Первым делом трясогузка наскоро облетела двор, проверила, всё ли осталось прежним, не переменилось ли что, не стоит ли и ей, коли такое случилось, и самой перебраться в другое место. Но нет, превратности судьбы не коснулись знакомого с рождения уголка, и тот нежился и жеманился едва заметно под внимательным взглядом трясогузки, радуясь небеспричинному довольству птицы:
– Всё так, всё так… – Поцарапав ноготком крашеный скат крыши, прошептала сиплым с дороги голоском трясогузка, и отложив беспорядок на потом, юркнула она поскорее в серый сумрак чердака, где и проспала до рассвета на промазанных глиной брёвнах, – таких мягких, уютных, родных, – не чувствуя маховых с рулевыми крыл, как без задних ног!
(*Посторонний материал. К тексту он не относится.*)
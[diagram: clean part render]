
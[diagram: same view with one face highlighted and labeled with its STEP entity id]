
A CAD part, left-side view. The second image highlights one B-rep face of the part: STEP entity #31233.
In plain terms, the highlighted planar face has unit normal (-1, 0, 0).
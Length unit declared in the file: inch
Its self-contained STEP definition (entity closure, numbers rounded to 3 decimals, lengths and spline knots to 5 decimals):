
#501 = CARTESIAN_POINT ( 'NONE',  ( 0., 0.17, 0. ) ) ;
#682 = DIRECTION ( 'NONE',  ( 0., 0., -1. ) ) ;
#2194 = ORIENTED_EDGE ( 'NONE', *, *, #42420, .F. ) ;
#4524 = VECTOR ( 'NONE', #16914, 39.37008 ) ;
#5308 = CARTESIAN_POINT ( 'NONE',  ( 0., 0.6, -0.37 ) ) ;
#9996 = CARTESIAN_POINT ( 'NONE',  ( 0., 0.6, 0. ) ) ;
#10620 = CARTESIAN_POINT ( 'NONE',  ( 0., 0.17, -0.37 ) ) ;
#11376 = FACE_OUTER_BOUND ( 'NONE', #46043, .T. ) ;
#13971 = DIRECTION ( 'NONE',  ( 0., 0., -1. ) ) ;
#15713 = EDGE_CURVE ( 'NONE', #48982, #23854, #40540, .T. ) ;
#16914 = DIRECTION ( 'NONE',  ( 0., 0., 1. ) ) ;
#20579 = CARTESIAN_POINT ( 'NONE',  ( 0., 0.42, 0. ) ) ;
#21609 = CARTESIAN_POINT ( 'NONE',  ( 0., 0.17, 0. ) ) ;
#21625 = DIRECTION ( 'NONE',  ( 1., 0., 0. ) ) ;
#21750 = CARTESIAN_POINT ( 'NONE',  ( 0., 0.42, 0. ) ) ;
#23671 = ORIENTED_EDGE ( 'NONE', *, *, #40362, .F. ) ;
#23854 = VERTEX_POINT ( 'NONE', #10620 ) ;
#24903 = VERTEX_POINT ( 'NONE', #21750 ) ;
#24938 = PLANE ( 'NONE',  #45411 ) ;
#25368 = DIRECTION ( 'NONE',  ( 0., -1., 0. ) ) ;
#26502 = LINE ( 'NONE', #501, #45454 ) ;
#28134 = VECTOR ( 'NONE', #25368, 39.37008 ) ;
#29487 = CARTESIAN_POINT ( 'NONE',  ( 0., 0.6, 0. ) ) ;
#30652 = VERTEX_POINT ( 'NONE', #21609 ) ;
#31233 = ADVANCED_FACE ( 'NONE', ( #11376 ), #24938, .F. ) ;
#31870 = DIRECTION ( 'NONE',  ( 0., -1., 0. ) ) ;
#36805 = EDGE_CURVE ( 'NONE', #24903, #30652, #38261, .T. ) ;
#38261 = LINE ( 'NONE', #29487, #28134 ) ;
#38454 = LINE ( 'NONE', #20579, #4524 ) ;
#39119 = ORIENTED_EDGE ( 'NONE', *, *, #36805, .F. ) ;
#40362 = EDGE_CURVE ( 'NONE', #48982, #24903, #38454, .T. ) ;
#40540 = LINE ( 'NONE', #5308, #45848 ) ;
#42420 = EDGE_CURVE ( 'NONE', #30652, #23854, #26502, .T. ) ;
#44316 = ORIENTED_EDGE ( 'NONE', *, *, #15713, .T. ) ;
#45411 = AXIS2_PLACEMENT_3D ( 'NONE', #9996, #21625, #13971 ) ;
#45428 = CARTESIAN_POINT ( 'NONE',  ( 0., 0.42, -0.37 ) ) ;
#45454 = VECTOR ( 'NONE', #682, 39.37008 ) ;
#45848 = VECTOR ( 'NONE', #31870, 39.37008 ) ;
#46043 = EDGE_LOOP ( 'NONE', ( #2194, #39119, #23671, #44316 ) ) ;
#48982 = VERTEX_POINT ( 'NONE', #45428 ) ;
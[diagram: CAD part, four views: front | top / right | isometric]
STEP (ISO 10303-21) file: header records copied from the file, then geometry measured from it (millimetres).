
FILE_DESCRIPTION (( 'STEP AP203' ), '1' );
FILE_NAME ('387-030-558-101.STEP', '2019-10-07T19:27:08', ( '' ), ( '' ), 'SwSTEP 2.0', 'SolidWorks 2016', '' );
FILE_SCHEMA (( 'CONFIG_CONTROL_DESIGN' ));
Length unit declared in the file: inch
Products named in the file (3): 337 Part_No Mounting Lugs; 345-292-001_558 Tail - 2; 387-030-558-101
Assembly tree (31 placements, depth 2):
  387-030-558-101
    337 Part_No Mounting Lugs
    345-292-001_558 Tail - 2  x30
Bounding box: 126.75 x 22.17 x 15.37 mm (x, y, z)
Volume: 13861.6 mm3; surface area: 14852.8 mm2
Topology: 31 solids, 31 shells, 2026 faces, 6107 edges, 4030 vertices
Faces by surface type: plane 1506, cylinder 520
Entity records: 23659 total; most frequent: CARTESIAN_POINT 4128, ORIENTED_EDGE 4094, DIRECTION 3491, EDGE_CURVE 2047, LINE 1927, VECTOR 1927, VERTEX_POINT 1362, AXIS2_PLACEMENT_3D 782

Выспавшись хорошенько, трясогузка поспешила к пруду. Закраины25 съёжившейся льдины, усохшей, словно шкурка от яблока, были уже довольно далеко от берега, так что птица смогла освежиться, а также устроить мытьё белья. И только после того, как трясогузка сделалась совершенно чиста, в выстиранном добела исподнем и снежного цвета чепчике, она постучалась в окошко:
– А вот и я! – Пропела птичка, и в ответ на проявления радости сему обстоятельству, поведала про нелёгкий свой полёт и долгое вынужденное отсутствие, о думках на житьё и переустройство, которых завсегда больше, чем дел после. Да тем они и хороши, ибо окрыляют наше бытие мечтами, дают сил не страшится будущего, хотя и стоит оно того, подчас…
Не всякому…
День запустил из развилки дуба, как из рогатки, рыжим снежком солнца, отчего рассеялся растянутый на пяльцах берегов реки туман. Тонкие иглы молодых листьев кувшинки, что упирались в прозрачную и сырую ткань, прошили её в пустой след. Мало солнца случилось к этому часу, от того немного было и сил.
На пенке вечной зелени нежной горчичной каплей проступала овсянка. Заявилась она тихо, незаметно, словно и не улетала никуда. Плетёт теперь понемногу. Не каверзы, не плетень, а то, что обыкновенно об эту пору. Снуёт в зарослях, улыбается молча, одними глазами. Покуда не поёт, бережёт голос.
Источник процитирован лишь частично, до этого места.